Now with regard to volatile. Declaring a variable volatile actually guarantees that other threads will not access the uninitialized variable during object creation. Those. the variable will simply be blocked for other threads until the object is initialized. This means that with thread-safe initialization of an object, it is still possible in theory to get by with an atomic variable instead of a lock. But this is still inaccurate. In the near future I will analyze this moment and I will be able to give a 100% answer.
As for the question about the method that creates the object, no, this method cannot return an underinitialized object. Those. a reference to an under-initialized object can get into the variable, but until the initialization has passed, the code will not be executed further in this thread.
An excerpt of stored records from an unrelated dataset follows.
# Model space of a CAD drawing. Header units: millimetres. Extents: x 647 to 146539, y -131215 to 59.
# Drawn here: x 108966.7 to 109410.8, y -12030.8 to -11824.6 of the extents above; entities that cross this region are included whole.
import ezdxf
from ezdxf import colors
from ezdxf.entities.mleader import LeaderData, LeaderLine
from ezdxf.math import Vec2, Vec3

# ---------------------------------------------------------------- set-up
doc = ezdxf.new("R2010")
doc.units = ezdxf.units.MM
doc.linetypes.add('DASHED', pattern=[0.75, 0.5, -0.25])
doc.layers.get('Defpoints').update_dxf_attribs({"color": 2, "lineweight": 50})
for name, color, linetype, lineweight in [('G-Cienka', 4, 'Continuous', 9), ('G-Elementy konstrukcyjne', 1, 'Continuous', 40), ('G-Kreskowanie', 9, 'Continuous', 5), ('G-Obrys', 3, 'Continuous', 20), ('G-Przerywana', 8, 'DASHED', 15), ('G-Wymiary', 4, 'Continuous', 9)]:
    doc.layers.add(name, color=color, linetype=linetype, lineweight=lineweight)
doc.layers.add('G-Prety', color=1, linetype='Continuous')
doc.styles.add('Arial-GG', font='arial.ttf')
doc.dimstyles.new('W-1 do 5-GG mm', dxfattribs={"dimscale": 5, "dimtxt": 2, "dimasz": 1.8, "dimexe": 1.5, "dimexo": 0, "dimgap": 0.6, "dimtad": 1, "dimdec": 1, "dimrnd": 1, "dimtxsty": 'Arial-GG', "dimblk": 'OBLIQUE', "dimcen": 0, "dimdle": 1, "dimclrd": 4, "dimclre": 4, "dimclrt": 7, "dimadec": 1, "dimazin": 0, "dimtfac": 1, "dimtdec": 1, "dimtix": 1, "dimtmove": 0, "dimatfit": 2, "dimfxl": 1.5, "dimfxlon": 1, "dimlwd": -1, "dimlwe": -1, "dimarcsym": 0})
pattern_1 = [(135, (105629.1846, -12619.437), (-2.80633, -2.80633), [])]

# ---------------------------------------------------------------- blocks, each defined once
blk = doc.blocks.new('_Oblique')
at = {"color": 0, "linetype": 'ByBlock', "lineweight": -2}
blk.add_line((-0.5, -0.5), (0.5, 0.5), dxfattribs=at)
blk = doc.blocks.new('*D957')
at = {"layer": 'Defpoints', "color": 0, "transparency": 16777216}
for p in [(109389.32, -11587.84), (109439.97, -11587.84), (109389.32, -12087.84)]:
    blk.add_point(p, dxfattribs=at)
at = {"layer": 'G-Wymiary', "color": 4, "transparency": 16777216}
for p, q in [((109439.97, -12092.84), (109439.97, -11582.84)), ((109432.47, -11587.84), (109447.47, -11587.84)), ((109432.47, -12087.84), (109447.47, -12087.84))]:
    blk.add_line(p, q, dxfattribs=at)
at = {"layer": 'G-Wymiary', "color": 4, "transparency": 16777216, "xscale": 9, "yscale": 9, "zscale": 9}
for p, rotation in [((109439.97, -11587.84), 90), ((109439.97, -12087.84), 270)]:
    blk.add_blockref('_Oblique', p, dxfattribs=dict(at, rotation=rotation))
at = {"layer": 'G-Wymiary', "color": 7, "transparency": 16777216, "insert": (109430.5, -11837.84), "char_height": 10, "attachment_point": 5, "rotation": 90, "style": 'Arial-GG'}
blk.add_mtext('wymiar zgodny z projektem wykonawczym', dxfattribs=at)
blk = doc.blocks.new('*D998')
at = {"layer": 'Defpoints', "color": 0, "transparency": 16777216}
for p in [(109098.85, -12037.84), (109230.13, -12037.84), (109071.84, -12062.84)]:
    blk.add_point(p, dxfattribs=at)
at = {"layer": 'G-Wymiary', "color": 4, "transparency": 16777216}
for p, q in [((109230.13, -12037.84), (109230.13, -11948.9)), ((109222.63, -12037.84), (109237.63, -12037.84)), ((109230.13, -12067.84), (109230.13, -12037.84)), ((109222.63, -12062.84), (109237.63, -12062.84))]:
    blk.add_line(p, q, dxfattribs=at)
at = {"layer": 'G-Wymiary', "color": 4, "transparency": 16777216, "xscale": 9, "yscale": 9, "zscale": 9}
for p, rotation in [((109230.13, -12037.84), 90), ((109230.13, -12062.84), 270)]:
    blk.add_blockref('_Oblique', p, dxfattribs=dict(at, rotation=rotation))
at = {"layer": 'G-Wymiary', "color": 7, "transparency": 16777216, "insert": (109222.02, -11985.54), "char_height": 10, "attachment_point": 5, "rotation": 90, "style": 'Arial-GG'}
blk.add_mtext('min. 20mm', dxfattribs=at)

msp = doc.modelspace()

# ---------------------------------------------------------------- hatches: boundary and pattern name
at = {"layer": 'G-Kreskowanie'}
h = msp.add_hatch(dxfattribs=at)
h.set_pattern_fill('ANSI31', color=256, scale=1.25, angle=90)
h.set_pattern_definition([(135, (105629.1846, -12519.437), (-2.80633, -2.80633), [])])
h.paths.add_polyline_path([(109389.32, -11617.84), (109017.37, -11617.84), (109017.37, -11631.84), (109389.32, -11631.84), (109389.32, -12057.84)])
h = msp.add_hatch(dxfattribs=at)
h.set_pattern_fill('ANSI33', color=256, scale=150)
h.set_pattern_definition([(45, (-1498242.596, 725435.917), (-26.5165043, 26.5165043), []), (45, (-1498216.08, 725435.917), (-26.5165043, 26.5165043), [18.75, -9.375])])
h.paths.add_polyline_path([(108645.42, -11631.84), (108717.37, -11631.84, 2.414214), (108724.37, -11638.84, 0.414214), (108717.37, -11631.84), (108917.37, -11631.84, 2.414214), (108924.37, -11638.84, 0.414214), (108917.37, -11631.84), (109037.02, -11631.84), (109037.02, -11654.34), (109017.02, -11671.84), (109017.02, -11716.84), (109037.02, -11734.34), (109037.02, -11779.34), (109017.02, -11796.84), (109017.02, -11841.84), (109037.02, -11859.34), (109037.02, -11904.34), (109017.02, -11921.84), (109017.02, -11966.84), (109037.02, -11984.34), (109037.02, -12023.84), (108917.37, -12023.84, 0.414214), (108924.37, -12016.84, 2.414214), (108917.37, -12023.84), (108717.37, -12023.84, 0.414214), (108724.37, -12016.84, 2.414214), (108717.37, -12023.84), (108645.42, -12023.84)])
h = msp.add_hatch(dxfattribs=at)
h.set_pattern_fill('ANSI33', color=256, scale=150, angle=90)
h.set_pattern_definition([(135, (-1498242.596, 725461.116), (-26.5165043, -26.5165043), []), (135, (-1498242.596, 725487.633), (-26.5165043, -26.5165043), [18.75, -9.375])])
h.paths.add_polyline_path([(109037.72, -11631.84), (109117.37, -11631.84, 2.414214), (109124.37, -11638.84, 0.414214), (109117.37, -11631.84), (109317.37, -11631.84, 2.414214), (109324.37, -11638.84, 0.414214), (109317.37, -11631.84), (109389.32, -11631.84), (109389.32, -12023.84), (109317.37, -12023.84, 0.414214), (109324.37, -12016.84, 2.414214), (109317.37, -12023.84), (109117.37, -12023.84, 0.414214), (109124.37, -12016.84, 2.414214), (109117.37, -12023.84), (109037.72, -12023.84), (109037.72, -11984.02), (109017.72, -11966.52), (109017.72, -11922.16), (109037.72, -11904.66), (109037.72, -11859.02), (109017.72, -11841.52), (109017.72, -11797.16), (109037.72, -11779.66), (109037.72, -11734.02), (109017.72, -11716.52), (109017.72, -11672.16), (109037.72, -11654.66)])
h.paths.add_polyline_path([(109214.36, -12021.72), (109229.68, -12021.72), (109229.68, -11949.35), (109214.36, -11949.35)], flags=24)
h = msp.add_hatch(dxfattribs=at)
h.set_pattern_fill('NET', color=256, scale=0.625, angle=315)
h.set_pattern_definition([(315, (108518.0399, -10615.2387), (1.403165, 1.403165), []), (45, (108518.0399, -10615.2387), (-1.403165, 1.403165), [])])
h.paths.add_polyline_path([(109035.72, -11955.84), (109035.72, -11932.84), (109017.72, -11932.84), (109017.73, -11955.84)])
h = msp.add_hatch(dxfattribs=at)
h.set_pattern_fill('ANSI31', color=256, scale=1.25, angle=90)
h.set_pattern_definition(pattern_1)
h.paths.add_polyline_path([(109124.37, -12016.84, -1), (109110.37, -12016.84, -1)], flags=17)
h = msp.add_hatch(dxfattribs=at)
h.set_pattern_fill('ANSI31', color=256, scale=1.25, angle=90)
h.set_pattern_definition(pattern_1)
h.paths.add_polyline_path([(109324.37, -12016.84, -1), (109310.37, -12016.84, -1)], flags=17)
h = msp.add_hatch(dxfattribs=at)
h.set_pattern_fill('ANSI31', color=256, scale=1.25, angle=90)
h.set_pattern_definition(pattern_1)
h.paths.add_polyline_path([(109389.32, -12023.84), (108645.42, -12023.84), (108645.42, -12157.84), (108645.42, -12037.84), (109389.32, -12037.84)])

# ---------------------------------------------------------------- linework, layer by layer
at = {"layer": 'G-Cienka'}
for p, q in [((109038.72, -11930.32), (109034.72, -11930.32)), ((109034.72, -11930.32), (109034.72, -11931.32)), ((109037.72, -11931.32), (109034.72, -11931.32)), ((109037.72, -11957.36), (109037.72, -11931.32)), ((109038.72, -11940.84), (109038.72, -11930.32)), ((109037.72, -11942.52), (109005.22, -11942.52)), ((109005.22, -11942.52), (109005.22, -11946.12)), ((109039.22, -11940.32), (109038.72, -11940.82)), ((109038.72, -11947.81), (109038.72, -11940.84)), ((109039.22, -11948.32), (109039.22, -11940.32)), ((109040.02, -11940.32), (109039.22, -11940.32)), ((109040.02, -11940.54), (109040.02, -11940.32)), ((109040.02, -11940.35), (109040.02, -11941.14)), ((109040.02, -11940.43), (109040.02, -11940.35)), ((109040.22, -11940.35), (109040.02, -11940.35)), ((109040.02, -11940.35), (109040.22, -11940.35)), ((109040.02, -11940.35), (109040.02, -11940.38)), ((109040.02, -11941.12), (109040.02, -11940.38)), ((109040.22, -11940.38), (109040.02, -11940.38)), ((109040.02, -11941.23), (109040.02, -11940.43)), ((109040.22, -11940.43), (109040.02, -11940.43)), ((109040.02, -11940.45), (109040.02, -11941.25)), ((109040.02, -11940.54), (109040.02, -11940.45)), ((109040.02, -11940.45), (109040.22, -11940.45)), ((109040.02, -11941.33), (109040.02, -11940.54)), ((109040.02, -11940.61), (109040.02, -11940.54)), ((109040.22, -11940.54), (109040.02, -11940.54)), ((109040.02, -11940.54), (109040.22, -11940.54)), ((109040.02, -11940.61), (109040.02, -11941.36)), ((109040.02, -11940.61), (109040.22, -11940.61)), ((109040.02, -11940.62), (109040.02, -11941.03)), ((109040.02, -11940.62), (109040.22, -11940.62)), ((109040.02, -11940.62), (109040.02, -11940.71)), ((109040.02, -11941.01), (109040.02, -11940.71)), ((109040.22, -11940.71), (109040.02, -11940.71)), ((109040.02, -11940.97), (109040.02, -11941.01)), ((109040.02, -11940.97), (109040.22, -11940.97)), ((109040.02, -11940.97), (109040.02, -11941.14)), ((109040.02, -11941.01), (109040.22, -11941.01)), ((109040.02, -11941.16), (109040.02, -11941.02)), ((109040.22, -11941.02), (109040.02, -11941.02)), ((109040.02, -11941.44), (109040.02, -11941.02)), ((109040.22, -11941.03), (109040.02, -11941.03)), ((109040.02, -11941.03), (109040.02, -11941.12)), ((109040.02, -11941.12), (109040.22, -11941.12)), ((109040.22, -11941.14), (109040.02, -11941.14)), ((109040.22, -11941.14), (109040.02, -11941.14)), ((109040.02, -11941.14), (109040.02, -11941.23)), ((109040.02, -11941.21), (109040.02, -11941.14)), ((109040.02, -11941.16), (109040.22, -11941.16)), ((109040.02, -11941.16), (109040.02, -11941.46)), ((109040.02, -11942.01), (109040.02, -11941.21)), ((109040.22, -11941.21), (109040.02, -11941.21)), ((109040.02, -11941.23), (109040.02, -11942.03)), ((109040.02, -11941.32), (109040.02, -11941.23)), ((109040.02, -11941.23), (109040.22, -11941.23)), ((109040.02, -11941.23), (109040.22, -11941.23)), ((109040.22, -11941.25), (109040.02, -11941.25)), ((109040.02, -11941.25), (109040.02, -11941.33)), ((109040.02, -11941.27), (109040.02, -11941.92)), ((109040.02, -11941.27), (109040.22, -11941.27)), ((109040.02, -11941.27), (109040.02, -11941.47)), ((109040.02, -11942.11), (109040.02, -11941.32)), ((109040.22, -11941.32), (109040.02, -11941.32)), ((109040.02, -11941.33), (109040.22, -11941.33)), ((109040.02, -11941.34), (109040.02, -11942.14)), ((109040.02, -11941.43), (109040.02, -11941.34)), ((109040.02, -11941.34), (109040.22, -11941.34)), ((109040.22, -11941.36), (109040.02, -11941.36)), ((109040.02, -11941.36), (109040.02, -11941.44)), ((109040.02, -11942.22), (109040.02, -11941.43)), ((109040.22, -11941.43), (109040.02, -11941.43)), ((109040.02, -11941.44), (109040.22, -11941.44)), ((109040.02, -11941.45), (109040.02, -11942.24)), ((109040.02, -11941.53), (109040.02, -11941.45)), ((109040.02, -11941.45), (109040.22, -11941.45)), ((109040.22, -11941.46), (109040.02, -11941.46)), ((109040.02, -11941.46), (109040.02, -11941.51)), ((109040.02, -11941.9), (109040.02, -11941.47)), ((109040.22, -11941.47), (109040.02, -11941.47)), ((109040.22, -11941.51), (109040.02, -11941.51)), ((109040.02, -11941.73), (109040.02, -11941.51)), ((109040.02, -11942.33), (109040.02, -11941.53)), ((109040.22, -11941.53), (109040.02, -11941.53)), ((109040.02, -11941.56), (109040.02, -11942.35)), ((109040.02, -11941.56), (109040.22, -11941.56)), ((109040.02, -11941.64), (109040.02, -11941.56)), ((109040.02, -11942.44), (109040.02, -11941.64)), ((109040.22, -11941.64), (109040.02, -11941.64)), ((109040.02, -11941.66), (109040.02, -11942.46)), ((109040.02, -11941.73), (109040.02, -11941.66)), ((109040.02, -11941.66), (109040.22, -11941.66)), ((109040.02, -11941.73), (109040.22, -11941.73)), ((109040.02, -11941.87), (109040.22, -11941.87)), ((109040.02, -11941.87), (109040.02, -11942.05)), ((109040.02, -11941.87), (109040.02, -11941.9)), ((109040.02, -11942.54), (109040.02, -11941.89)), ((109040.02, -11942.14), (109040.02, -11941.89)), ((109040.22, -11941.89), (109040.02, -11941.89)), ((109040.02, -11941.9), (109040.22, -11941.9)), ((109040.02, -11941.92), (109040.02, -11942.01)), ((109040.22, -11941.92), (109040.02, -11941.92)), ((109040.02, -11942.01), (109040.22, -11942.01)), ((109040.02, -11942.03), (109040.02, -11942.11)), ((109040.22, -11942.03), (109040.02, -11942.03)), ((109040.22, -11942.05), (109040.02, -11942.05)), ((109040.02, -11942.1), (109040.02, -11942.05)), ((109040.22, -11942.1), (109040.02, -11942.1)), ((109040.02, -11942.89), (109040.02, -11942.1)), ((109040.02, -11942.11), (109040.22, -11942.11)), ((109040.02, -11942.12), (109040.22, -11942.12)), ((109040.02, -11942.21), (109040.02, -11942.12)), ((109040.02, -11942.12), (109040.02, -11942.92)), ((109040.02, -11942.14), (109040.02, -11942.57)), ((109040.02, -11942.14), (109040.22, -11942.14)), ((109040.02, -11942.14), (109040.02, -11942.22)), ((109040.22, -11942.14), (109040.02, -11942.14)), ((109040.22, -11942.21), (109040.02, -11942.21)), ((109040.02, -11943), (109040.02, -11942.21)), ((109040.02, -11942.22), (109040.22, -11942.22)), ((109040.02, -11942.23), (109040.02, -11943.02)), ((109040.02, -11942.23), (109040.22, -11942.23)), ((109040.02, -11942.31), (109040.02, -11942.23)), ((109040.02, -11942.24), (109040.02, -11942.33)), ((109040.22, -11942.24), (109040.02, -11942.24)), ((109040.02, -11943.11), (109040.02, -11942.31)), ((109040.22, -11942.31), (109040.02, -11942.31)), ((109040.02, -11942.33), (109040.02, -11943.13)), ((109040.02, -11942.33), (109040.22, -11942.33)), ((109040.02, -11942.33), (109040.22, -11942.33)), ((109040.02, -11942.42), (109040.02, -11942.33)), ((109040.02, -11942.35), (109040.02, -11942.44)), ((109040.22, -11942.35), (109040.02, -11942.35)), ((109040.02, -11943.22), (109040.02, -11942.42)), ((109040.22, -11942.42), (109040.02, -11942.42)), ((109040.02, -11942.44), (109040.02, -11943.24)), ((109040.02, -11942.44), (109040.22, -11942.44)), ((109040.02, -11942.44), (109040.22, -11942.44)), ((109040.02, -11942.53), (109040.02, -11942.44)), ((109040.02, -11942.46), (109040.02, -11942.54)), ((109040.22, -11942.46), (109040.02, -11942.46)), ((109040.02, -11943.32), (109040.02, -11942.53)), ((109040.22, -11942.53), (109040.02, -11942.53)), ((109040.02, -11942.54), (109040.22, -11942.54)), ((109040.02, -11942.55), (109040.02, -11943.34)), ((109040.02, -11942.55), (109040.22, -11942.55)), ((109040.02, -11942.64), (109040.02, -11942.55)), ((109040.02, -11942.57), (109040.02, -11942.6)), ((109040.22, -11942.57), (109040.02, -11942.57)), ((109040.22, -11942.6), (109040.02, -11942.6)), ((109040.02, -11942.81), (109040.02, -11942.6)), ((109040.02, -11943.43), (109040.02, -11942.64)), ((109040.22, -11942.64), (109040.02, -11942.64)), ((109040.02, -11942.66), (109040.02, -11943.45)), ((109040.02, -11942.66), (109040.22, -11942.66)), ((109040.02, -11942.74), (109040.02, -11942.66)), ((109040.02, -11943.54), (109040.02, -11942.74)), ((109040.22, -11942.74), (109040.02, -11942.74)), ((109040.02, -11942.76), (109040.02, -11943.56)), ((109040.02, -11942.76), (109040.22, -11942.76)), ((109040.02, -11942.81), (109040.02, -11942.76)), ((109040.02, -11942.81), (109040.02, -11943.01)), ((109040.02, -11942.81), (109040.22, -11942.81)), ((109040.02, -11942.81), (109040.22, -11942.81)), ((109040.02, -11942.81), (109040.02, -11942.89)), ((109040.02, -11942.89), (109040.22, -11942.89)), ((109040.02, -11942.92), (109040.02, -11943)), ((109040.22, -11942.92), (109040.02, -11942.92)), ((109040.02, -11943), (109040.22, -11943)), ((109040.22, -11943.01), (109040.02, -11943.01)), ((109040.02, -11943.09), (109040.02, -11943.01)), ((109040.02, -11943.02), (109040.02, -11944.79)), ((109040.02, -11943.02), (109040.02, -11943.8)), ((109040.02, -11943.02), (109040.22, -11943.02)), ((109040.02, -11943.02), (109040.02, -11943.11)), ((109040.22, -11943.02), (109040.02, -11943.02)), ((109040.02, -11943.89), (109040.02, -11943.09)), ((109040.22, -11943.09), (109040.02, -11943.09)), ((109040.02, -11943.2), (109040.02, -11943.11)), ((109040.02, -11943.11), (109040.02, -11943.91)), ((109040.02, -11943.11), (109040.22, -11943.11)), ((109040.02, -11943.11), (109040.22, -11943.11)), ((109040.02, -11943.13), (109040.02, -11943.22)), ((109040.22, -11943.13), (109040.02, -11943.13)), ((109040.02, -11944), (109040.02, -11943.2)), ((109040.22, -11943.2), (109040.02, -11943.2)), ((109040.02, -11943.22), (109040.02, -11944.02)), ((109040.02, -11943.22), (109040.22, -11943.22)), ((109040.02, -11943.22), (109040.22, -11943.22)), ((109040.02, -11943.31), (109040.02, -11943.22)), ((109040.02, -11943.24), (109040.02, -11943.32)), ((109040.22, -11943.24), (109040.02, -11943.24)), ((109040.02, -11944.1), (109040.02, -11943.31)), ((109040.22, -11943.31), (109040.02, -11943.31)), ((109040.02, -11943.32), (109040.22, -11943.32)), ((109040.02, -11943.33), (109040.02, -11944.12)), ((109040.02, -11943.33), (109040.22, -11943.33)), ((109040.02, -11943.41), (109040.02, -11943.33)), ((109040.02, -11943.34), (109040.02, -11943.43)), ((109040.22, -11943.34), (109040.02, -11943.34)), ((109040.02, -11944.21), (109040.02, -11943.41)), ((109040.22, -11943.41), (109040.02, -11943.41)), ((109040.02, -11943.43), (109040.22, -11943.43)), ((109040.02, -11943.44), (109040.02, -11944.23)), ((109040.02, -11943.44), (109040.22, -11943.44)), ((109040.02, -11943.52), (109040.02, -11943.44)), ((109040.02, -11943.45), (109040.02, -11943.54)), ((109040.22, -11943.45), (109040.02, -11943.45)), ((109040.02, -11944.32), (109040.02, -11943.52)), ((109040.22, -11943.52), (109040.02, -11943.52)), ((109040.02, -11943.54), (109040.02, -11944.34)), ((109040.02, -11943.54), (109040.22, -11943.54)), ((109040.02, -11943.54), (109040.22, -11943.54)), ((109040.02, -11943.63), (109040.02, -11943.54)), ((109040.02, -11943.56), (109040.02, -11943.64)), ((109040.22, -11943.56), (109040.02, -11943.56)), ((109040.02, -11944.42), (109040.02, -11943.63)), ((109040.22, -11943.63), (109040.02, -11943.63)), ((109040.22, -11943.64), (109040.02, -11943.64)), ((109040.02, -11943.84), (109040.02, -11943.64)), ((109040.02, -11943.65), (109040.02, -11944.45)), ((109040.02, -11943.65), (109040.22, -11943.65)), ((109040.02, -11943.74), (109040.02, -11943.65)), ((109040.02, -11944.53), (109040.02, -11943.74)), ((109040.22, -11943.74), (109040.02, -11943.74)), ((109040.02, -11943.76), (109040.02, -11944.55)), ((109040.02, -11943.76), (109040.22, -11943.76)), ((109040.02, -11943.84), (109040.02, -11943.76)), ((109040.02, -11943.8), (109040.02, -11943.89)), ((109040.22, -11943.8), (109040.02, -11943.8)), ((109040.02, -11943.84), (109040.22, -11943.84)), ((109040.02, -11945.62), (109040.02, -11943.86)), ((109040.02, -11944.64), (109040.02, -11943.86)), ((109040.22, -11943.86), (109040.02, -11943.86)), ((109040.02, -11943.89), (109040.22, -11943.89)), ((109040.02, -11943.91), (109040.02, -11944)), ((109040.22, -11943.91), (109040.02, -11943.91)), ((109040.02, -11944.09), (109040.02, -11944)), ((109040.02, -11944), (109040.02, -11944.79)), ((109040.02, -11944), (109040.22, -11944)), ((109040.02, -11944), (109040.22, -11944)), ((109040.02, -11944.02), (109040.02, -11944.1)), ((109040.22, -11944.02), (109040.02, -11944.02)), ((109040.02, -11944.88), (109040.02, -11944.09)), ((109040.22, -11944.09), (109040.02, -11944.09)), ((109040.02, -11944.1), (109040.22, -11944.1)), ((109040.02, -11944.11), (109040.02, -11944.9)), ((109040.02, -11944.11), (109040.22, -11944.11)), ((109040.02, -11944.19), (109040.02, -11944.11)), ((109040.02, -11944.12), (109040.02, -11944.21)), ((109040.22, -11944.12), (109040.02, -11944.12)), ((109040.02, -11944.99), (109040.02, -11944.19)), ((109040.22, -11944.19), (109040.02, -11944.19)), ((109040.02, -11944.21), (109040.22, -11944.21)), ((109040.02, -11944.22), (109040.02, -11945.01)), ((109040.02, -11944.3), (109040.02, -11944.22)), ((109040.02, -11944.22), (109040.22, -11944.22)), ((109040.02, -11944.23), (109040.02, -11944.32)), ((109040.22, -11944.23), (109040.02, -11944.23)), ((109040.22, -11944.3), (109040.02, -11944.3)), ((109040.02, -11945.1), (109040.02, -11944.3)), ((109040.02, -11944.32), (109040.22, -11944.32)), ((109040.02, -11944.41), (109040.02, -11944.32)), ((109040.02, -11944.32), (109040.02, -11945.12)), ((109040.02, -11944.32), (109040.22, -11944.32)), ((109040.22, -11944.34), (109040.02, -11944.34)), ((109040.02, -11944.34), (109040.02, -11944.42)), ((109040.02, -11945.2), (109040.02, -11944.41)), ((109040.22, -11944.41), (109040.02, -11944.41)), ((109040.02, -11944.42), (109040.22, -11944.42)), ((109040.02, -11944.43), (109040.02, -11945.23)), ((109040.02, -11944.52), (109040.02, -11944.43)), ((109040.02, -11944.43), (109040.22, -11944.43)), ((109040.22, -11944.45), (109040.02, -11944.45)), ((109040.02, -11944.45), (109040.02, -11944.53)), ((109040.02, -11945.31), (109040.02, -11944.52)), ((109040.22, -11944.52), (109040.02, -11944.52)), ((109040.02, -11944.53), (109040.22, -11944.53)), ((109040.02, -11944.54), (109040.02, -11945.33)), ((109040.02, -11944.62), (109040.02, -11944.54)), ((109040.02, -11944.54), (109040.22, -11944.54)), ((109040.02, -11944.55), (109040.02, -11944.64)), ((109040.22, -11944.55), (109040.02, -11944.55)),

That. return will already return a reference to a fully prepared object, because m is a local variable and is stored strictly within the thread itself, and no one will get access to it until it is fully initialized.
Well, one more thing that follows from all of the above: if you need guaranteed creation of an object that will definitely be pre-initialized when another thread accesses it, but you do not want to use synchronizations or volatile and are ready to sacrifice some of the changes made to it, then you can just do this:
if (m == null) {
MyClass n = new MyClass();
m = n;
}
In this case, the class is first initialized in a local variable, and then it will be calmly transferred to a shared variable. But, once again, this method will not save you from creating several objects and losing changes.

A

Andrey K, 2018-08-01
@kuftachev

Think for yourself, how can a designer work halfway? He will return a link to the result of his work to the called code when the whole is executed. Of course, you can break a member with a fool, but why do you need to pass a pointer to yourself somewhere else in the constructor?
According to your example, the question is born, is it about Singleton? If yes, then 2 out of 4 ways to implement this pattern described in Joshua Bloch's book are thread-safe.
PS The essence of volatile is that you say not to cache this value in the processor, but always descend into memory (by the way, here I don’t know if there is one Intel processor in the system, unlike AMD, they have a common third-level cache, whether they will be used he or still only memory) to work with a fresh value. Without this, two cores can work with their values for a long time, but the atomicity of writing this value is not guaranteed. That is, for example, int will change atomically, but long will not. Therefore, I’m not sure about the references, they seem to be also 64 bits, in theory, they should also not be atomic, but maybe there is another protection, otherwise we will create two objects and get a link it’s not clear where.